Enough info to destroy my world
Blog
kitt decided around 22:43 on 10 October 2005 to publish this:
Warning: guaranteed ramble that you can safely skip.
No, really.
I've been amazed at the number of people who have commented about reading
this site. I don't think I can count you on one hand any longer (Kris,
John, Megan, Mike, Paul - and two of you were because I insisted). Warren
said today that he's been feeling a little gypped with the posts as of
late, they being short and not very informative.
To which I respond, "That's because you haven't been logged in reading the
good stuff, Warren."
Since this site is more for me than for you, not
everything is publicly viewable. There are chunks of my life I'm happy to
share with my friends and family, but I'm really not interested in telling
some random person I don't know.
This is probably the fundamental difference between my introvert personality
and, say, an confirmed
extrovert's personality. I'm completely enjoying the "social web" and
participating the various social network sites. Some are completely entertaining, some
have become stale, some
are tools but still
networks, and the world it opens up, meeting lots of new and interesting
(fascinating!) people, working on projects I wouldn't have
imagined four months ago.
The whole concept of being able to learn the arc of a recently-met person's
life is fascinating, if not a little (a lot?) voyeuristic. Google and
Yahoo! are certainly a starting point, but you can also walk through various
websites, reading someone's life for the last few years, if they've been putting it out there. (Sorry,
Andy, you were an easy target and a clear example of how you can learn about
a person's last few years quite easily.)
Fundamentally, a large part of me still resists putting information out
there. Resists sharing even though I think this stuff is cool.
And part of me fears losing my voice here. Fears I might start worrying
about what "they" might think. Might stop writing as if I'm talking to
myself, and start talking to you instead.
I know there's enough information on this site for someone to destroy my
life. As Andy puts it, "I could destroy your world. I know enough about
how you react to situations to ruin your life. Fortunately, I'm not
interested in destroying worlds." How lucky for me.

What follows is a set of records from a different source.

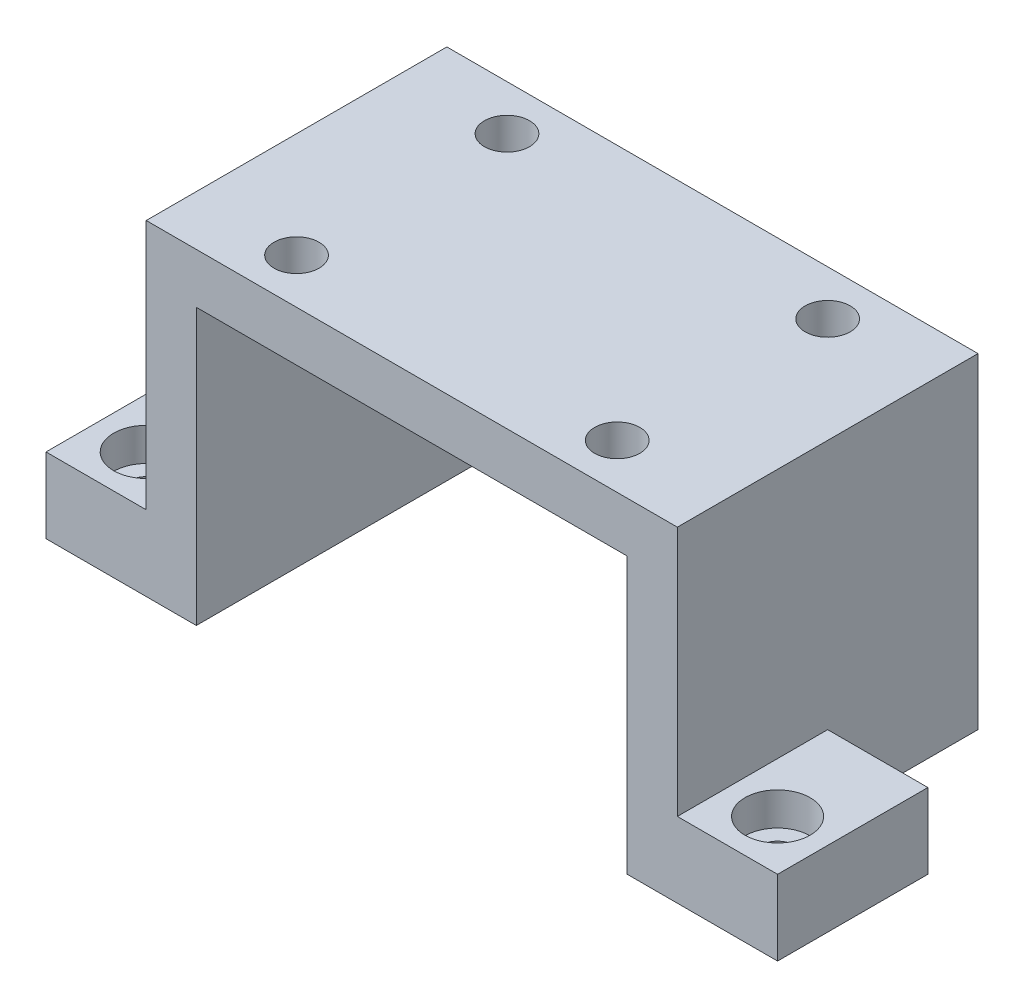
ISO-10303-21;
HEADER;
FILE_DESCRIPTION(('STEP AP214'),'2;1');
FILE_NAME('part.step','',(''),(''),'','','');
FILE_SCHEMA(('AUTOMOTIVE_DESIGN { 1 0 10303 214 1 1 1 1 }'));
ENDSEC;
DATA;
#1=APPLICATION_CONTEXT('core data for automotive mechanical design processes');
#2=APPLICATION_PROTOCOL_DEFINITION('international standard','automotive_design',2000,#1);
#3=PRODUCT_CONTEXT('',#1,'mechanical');
#4=PRODUCT('Part','Part','',(#3));
#5=PRODUCT_RELATED_PRODUCT_CATEGORY('part','',(#4));
#6=PRODUCT_DEFINITION_FORMATION('','',#4);
#7=PRODUCT_DEFINITION_CONTEXT('part definition',#1,'design');
#8=PRODUCT_DEFINITION('design','',#6,#7);
#9=PRODUCT_DEFINITION_SHAPE('','',#8);
#10=(LENGTH_UNIT() NAMED_UNIT(*) SI_UNIT(.MILLI.,.METRE.));
#11=(NAMED_UNIT(*) PLANE_ANGLE_UNIT() SI_UNIT($,.RADIAN.));
#12=(NAMED_UNIT(*) SI_UNIT($,.STERADIAN.) SOLID_ANGLE_UNIT());
#13=UNCERTAINTY_MEASURE_WITH_UNIT(LENGTH_MEASURE(1.E-05),#10,'distance_accuracy_value','');
#14=(GEOMETRIC_REPRESENTATION_CONTEXT(3) GLOBAL_UNCERTAINTY_ASSIGNED_CONTEXT((#13)) GLOBAL_UNIT_ASSIGNED_CONTEXT((#10,
#11,#12)) REPRESENTATION_CONTEXT('',''));
#15=CARTESIAN_POINT('',(0.,0.,0.));
#16=DIRECTION('',(0.,0.,1.));
#17=DIRECTION('',(1.,0.,0.));
#18=AXIS2_PLACEMENT_3D('',#15,#16,#17);
#19=CARTESIAN_POINT('',(-53.,10.,30.));
#20=DIRECTION('',(1.,0.,0.));
#21=DIRECTION('',(0.,0.,-1.));
#22=AXIS2_PLACEMENT_3D('',#19,#20,#21);
#23=PLANE('',#22);
#24=DIRECTION('',(0.,0.,-1.));
#25=VECTOR('',#24,1.);
#26=CARTESIAN_POINT('',(-53.,-40.,-30.));
#27=LINE('',#26,#25);
#28=CARTESIAN_POINT('',(-53.,-40.,30.));
#29=VERTEX_POINT('',#28);
#30=CARTESIAN_POINT('',(-53.,-40.,-30.));
#31=VERTEX_POINT('',#30);
#32=EDGE_CURVE('E49',#29,#31,#27,.T.);
#33=ORIENTED_EDGE('',*,*,#32,.F.);
#34=DIRECTION('',(0.,-1.,0.));
#35=VECTOR('',#34,1.);
#36=CARTESIAN_POINT('',(-53.,10.,30.));
#37=LINE('',#36,#35);
#38=CARTESIAN_POINT('',(-53.,10.,30.));
#39=VERTEX_POINT('',#38);
#40=EDGE_CURVE('E231',#39,#29,#37,.T.);
#41=ORIENTED_EDGE('',*,*,#40,.F.);
#42=DIRECTION('',(0.,0.,1.));
#43=VECTOR('',#42,1.);
#44=CARTESIAN_POINT('',(-53.,10.,30.));
#45=LINE('',#44,#43);
#46=CARTESIAN_POINT('',(-53.,10.,-30.));
#47=VERTEX_POINT('',#46);
#48=EDGE_CURVE('E222',#47,#39,#45,.T.);
#49=ORIENTED_EDGE('',*,*,#48,.F.);
#50=DIRECTION('',(0.,-1.,0.));
#51=VECTOR('',#50,1.);
#52=CARTESIAN_POINT('',(-53.,10.,-30.));
#53=LINE('',#52,#51);
#54=EDGE_CURVE('E42',#47,#31,#53,.T.);
#55=ORIENTED_EDGE('',*,*,#54,.T.);
#56=EDGE_LOOP('',(#33,#41,#49,#55));
#57=FACE_BOUND('',#56,.T.);
#58=ADVANCED_FACE('F34',(#57),#23,.F.);
#59=CARTESIAN_POINT('',(53.,10.,30.));
#60=DIRECTION('',(-1.,0.,0.));
#61=DIRECTION('',(0.,0.,1.));
#62=AXIS2_PLACEMENT_3D('',#59,#60,#61);
#63=PLANE('',#62);
#64=DIRECTION('',(0.,0.,1.));
#65=VECTOR('',#64,1.);
#66=CARTESIAN_POINT('',(53.,-40.,30.));
#67=LINE('',#66,#65);
#68=CARTESIAN_POINT('',(53.,-40.,0.));
#69=VERTEX_POINT('',#68);
#70=CARTESIAN_POINT('',(53.,-40.,30.));
#71=VERTEX_POINT('',#70);
#72=EDGE_CURVE('E173',#69,#71,#67,.T.);
#73=ORIENTED_EDGE('',*,*,#72,.F.);
#74=DIRECTION('',(0.,1.,0.));
#75=VECTOR('',#74,1.);
#76=CARTESIAN_POINT('',(53.,-40.,0.));
#77=LINE('',#76,#75);
#78=CARTESIAN_POINT('',(53.,-55.,0.));
#79=VERTEX_POINT('',#78);
#80=EDGE_CURVE('E57',#79,#69,#77,.T.);
#81=ORIENTED_EDGE('',*,*,#80,.F.);
#82=DIRECTION('',(0.,0.,1.));
#83=VECTOR('',#82,1.);
#84=CARTESIAN_POINT('',(53.,-55.,30.));
#85=LINE('',#84,#83);
#86=CARTESIAN_POINT('',(53.,-55.,-30.));
#87=VERTEX_POINT('',#86);
#88=EDGE_CURVE('E192',#87,#79,#85,.T.);
#89=ORIENTED_EDGE('',*,*,#88,.F.);
#90=DIRECTION('',(0.,-1.,0.));
#91=VECTOR('',#90,1.);
#92=CARTESIAN_POINT('',(53.,10.,-30.));
#93=LINE('',#92,#91);
#94=CARTESIAN_POINT('',(53.,10.,-30.));
#95=VERTEX_POINT('',#94);
#96=EDGE_CURVE('E11',#95,#87,#93,.T.);
#97=ORIENTED_EDGE('',*,*,#96,.F.);
#98=DIRECTION('',(0.,0.,-1.));
#99=VECTOR('',#98,1.);
#100=CARTESIAN_POINT('',(53.,10.,30.));
#101=LINE('',#100,#99);
#102=CARTESIAN_POINT('',(53.,10.,30.));
#103=VERTEX_POINT('',#102);
#104=EDGE_CURVE('E216',#103,#95,#101,.T.);
#105=ORIENTED_EDGE('',*,*,#104,.F.);
#106=DIRECTION('',(0.,-1.,0.));
#107=VECTOR('',#106,1.);
#108=CARTESIAN_POINT('',(53.,10.,30.));
#109=LINE('',#108,#107);
#110=EDGE_CURVE('E226',#103,#71,#109,.T.);
#111=ORIENTED_EDGE('',*,*,#110,.T.);
#112=EDGE_LOOP('',(#73,#81,#89,#97,#105,#111));
#113=FACE_BOUND('',#112,.T.);
#114=ADVANCED_FACE('F36',(#113),#63,.F.);
#115=CARTESIAN_POINT('',(0.,0.,0.));
#116=DIRECTION('',(0.,-1.,0.));
#117=DIRECTION('',(0.,0.,-1.));
#118=AXIS2_PLACEMENT_3D('',#115,#116,#117);
#119=PLANE('',#118);
#120=CARTESIAN_POINT('',(-32.,0.,21.));
#121=DIRECTION('',(0.,-1.,0.));
#122=DIRECTION('',(0.,0.,-1.));
#123=AXIS2_PLACEMENT_3D('',#120,#121,#122);
#124=CIRCLE('',#123,4.5);
#125=CARTESIAN_POINT('',(-32.,0.,16.5));
#126=VERTEX_POINT('',#125);
#127=EDGE_CURVE('E157',#126,#126,#124,.T.);
#128=ORIENTED_EDGE('',*,*,#127,.F.);
#129=EDGE_LOOP('',(#128));
#130=FACE_BOUND('',#129,.T.);
#131=CARTESIAN_POINT('',(32.,0.,21.));
#132=DIRECTION('',(0.,-1.,0.));
#133=DIRECTION('',(0.,0.,-1.));
#134=AXIS2_PLACEMENT_3D('',#131,#132,#133);
#135=CIRCLE('',#134,4.5);
#136=CARTESIAN_POINT('',(32.,0.,16.5));
#137=VERTEX_POINT('',#136);
#138=EDGE_CURVE('E418',#137,#137,#135,.T.);
#139=ORIENTED_EDGE('',*,*,#138,.F.);
#140=EDGE_LOOP('',(#139));
#141=FACE_BOUND('',#140,.T.);
#142=CARTESIAN_POINT('',(32.,0.,-21.));
#143=DIRECTION('',(0.,-1.,0.));
#144=DIRECTION('',(0.,0.,-1.));
#145=AXIS2_PLACEMENT_3D('',#142,#143,#144);
#146=CIRCLE('',#145,4.5);
#147=CARTESIAN_POINT('',(32.,0.,-25.5));
#148=VERTEX_POINT('',#147);
#149=EDGE_CURVE('E416',#148,#148,#146,.T.);
#150=ORIENTED_EDGE('',*,*,#149,.F.);
#151=EDGE_LOOP('',(#150));
#152=FACE_BOUND('',#151,.T.);
#153=CARTESIAN_POINT('',(-32.,0.,-21.));
#154=DIRECTION('',(0.,-1.,0.));
#155=DIRECTION('',(0.,0.,-1.));
#156=AXIS2_PLACEMENT_3D('',#153,#154,#155);
#157=CIRCLE('',#156,4.5);
#158=CARTESIAN_POINT('',(-32.,0.,-25.5));
#159=VERTEX_POINT('',#158);
#160=EDGE_CURVE('E413',#159,#159,#157,.T.);
#161=ORIENTED_EDGE('',*,*,#160,.F.);
#162=EDGE_LOOP('',(#161));
#163=FACE_BOUND('',#162,.T.);
#164=DIRECTION('',(-1.,0.,0.));
#165=VECTOR('',#164,1.);
#166=CARTESIAN_POINT('',(-53.,0.,-30.));
#167=LINE('',#166,#165);
#168=CARTESIAN_POINT('',(43.,0.,-30.));
#169=VERTEX_POINT('',#168);
#170=CARTESIAN_POINT('',(-43.,0.,-30.));
#171=VERTEX_POINT('',#170);
#172=EDGE_CURVE('E215',#169,#171,#167,.T.);
#173=ORIENTED_EDGE('',*,*,#172,.F.);
#174=DIRECTION('',(0.,0.,-1.));
#175=VECTOR('',#174,1.);
#176=CARTESIAN_POINT('',(43.,0.,30.));
#177=LINE('',#176,#175);
#178=CARTESIAN_POINT('',(43.,0.,30.));
#179=VERTEX_POINT('',#178);
#180=EDGE_CURVE('E191',#179,#169,#177,.T.);
#181=ORIENTED_EDGE('',*,*,#180,.F.);
#182=DIRECTION('',(1.,0.,0.));
#183=VECTOR('',#182,1.);
#184=CARTESIAN_POINT('',(-53.,0.,30.));
#185=LINE('',#184,#183);
#186=CARTESIAN_POINT('',(-43.,0.,30.));
#187=VERTEX_POINT('',#186);
#188=EDGE_CURVE('E220',#187,#179,#185,.T.);
#189=ORIENTED_EDGE('',*,*,#188,.F.);
#190=DIRECTION('',(0.,0.,1.));
#191=VECTOR('',#190,1.);
#192=CARTESIAN_POINT('',(-43.,0.,30.));
#193=LINE('',#192,#191);
#194=EDGE_CURVE('E141',#171,#187,#193,.T.);
#195=ORIENTED_EDGE('',*,*,#194,.F.);
#196=EDGE_LOOP('',(#173,#181,#189,#195));
#197=FACE_BOUND('',#196,.T.);
#198=ADVANCED_FACE('F252',(#130,#141,#152,#163,#197),#119,.T.);
#199=CARTESIAN_POINT('',(-53.,10.,-30.));
#200=DIRECTION('',(0.,0.,1.));
#201=DIRECTION('',(1.,0.,0.));
#202=AXIS2_PLACEMENT_3D('',#199,#200,#201);
#203=PLANE('',#202);
#204=ORIENTED_EDGE('',*,*,#96,.T.);
#205=DIRECTION('',(1.,0.,0.));
#206=VECTOR('',#205,1.);
#207=CARTESIAN_POINT('',(53.,-55.,-30.));
#208=LINE('',#207,#206);
#209=CARTESIAN_POINT('',(43.,-55.,-30.));
#210=VERTEX_POINT('',#209);
#211=EDGE_CURVE('E198',#210,#87,#208,.T.);
#212=ORIENTED_EDGE('',*,*,#211,.F.);
#213=DIRECTION('',(0.,1.,0.));
#214=VECTOR('',#213,1.);
#215=CARTESIAN_POINT('',(43.,-55.,-30.));
#216=LINE('',#215,#214);
#217=EDGE_CURVE('E201',#210,#169,#216,.T.);
#218=ORIENTED_EDGE('',*,*,#217,.T.);
#219=ORIENTED_EDGE('',*,*,#172,.T.);
#220=DIRECTION('',(0.,1.,0.));
#221=VECTOR('',#220,1.);
#222=CARTESIAN_POINT('',(-43.,-55.,-30.));
#223=LINE('',#222,#221);
#224=CARTESIAN_POINT('',(-43.,-55.,-30.));
#225=VERTEX_POINT('',#224);
#226=EDGE_CURVE('E137',#225,#171,#223,.T.);
#227=ORIENTED_EDGE('',*,*,#226,.F.);
#228=DIRECTION('',(1.,0.,0.));
#229=VECTOR('',#228,1.);
#230=CARTESIAN_POINT('',(-53.,-55.,-30.));
#231=LINE('',#230,#229);
#232=CARTESIAN_POINT('',(-73.,-55.,-30.));
#233=VERTEX_POINT('',#232);
#234=EDGE_CURVE('E130',#233,#225,#231,.T.);
#235=ORIENTED_EDGE('',*,*,#234,.F.);
#236=DIRECTION('',(0.,-1.,0.));
#237=VECTOR('',#236,1.);
#238=CARTESIAN_POINT('',(-73.,-55.,-30.));
#239=LINE('',#238,#237);
#240=CARTESIAN_POINT('',(-73.,-40.,-30.));
#241=VERTEX_POINT('',#240);
#242=EDGE_CURVE('E135',#241,#233,#239,.T.);
#243=ORIENTED_EDGE('',*,*,#242,.F.);
#244=DIRECTION('',(1.,0.,0.));
#245=VECTOR('',#244,1.);
#246=CARTESIAN_POINT('',(-73.,-40.,-30.));
#247=LINE('',#246,#245);
#248=EDGE_CURVE('E163',#241,#31,#247,.T.);
#249=ORIENTED_EDGE('',*,*,#248,.T.);
#250=ORIENTED_EDGE('',*,*,#54,.F.);
#251=DIRECTION('',(-1.,0.,0.));
#252=VECTOR('',#251,1.);
#253=CARTESIAN_POINT('',(-53.,10.,-30.));
#254=LINE('',#253,#252);
#255=EDGE_CURVE('E219',#95,#47,#254,.T.);
#256=ORIENTED_EDGE('',*,*,#255,.F.);
#257=EDGE_LOOP('',(#204,#212,#218,#219,#227,#235,#243,#249,#250,#256));
#258=FACE_BOUND('',#257,.T.);
#259=ADVANCED_FACE('F132',(#258),#203,.F.);
#260=CARTESIAN_POINT('',(-53.,10.,30.));
#261=DIRECTION('',(0.,0.,-1.));
#262=DIRECTION('',(-1.,0.,0.));
#263=AXIS2_PLACEMENT_3D('',#260,#261,#262);
#264=PLANE('',#263);
#265=ORIENTED_EDGE('',*,*,#40,.T.);
#266=DIRECTION('',(1.,0.,0.));
#267=VECTOR('',#266,1.);
#268=CARTESIAN_POINT('',(-73.,-40.,30.));
#269=LINE('',#268,#267);
#270=CARTESIAN_POINT('',(-73.,-40.,30.));
#271=VERTEX_POINT('',#270);
#272=EDGE_CURVE('E166',#271,#29,#269,.T.);
#273=ORIENTED_EDGE('',*,*,#272,.F.);
#274=DIRECTION('',(0.,1.,0.));
#275=VECTOR('',#274,1.);
#276=CARTESIAN_POINT('',(-73.,-55.,30.));
#277=LINE('',#276,#275);
#278=CARTESIAN_POINT('',(-73.,-55.,30.));
#279=VERTEX_POINT('',#278);
#280=EDGE_CURVE('E150',#279,#271,#277,.T.);
#281=ORIENTED_EDGE('',*,*,#280,.F.);
#282=DIRECTION('',(-1.,0.,0.));
#283=VECTOR('',#282,1.);
#284=CARTESIAN_POINT('',(-53.,-55.,30.));
#285=LINE('',#284,#283);
#286=CARTESIAN_POINT('',(-43.,-55.,30.));
#287=VERTEX_POINT('',#286);
#288=EDGE_CURVE('E147',#287,#279,#285,.T.);
#289=ORIENTED_EDGE('',*,*,#288,.F.);
#290=DIRECTION('',(0.,1.,0.));
#291=VECTOR('',#290,1.);
#292=CARTESIAN_POINT('',(-43.,-55.,30.));
#293=LINE('',#292,#291);
#294=EDGE_CURVE('E209',#287,#187,#293,.T.);
#295=ORIENTED_EDGE('',*,*,#294,.T.);
#296=ORIENTED_EDGE('',*,*,#188,.T.);
#297=DIRECTION('',(0.,1.,0.));
#298=VECTOR('',#297,1.);
#299=CARTESIAN_POINT('',(43.,-55.,30.));
#300=LINE('',#299,#298);
#301=CARTESIAN_POINT('',(43.,-55.,30.));
#302=VERTEX_POINT('',#301);
#303=EDGE_CURVE('E205',#302,#179,#300,.T.);
#304=ORIENTED_EDGE('',*,*,#303,.F.);
#305=DIRECTION('',(-1.,0.,0.));
#306=VECTOR('',#305,1.);
#307=CARTESIAN_POINT('',(53.,-55.,30.));
#308=LINE('',#307,#306);
#309=CARTESIAN_POINT('',(73.,-55.,30.));
#310=VERTEX_POINT('',#309);
#311=EDGE_CURVE('E194',#310,#302,#308,.T.);
#312=ORIENTED_EDGE('',*,*,#311,.F.);
#313=DIRECTION('',(0.,-1.,0.));
#314=VECTOR('',#313,1.);
#315=CARTESIAN_POINT('',(73.,-55.,30.));
#316=LINE('',#315,#314);
#317=CARTESIAN_POINT('',(73.,-40.,30.));
#318=VERTEX_POINT('',#317);
#319=EDGE_CURVE('E169',#318,#310,#316,.T.);
#320=ORIENTED_EDGE('',*,*,#319,.F.);
#321=DIRECTION('',(-1.,0.,0.));
#322=VECTOR('',#321,1.);
#323=CARTESIAN_POINT('',(73.,-40.,30.));
#324=LINE('',#323,#322);
#325=EDGE_CURVE('E179',#318,#71,#324,.T.);
#326=ORIENTED_EDGE('',*,*,#325,.T.);
#327=ORIENTED_EDGE('',*,*,#110,.F.);
#328=DIRECTION('',(1.,0.,0.));
#329=VECTOR('',#328,1.);
#330=CARTESIAN_POINT('',(-53.,10.,30.));
#331=LINE('',#330,#329);
#332=EDGE_CURVE('E224',#39,#103,#331,.T.);
#333=ORIENTED_EDGE('',*,*,#332,.F.);
#334=EDGE_LOOP('',(#265,#273,#281,#289,#295,#296,#304,#312,#320,#326,#327,#333));
#335=FACE_BOUND('',#334,.T.);
#336=ADVANCED_FACE('F238',(#335),#264,.F.);
#337=CARTESIAN_POINT('',(0.,10.,0.));
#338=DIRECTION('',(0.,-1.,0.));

But it's true: there's enough information to find me, enough information to
know what my buttons are and plenty enough to know how to push them.
There's enough information to make my life a living hell.
But, I guess I have to trust that won't happen. That the
people who read this site are my friends, or at least people who know me
somewhat or some way. If I've met you before, then, "Hey! Drop me a line if you haven't recently. If I haven't met
you, introduce yourself.
I won't bite.
Too hard.
Reading this from Bloglines or blogher? I'm sorry if this makes no
sense. You're not my "target audience," so all of this may be completely
boring.
Hell, it's boring for me, and I wrote it.
I'd say "I'm sorry," but I don't know you, and have no reason to feel
anything (positive or negative) there.
Eh.
"You have more gray hair up there than I realized. I never noticed it before."Hmph.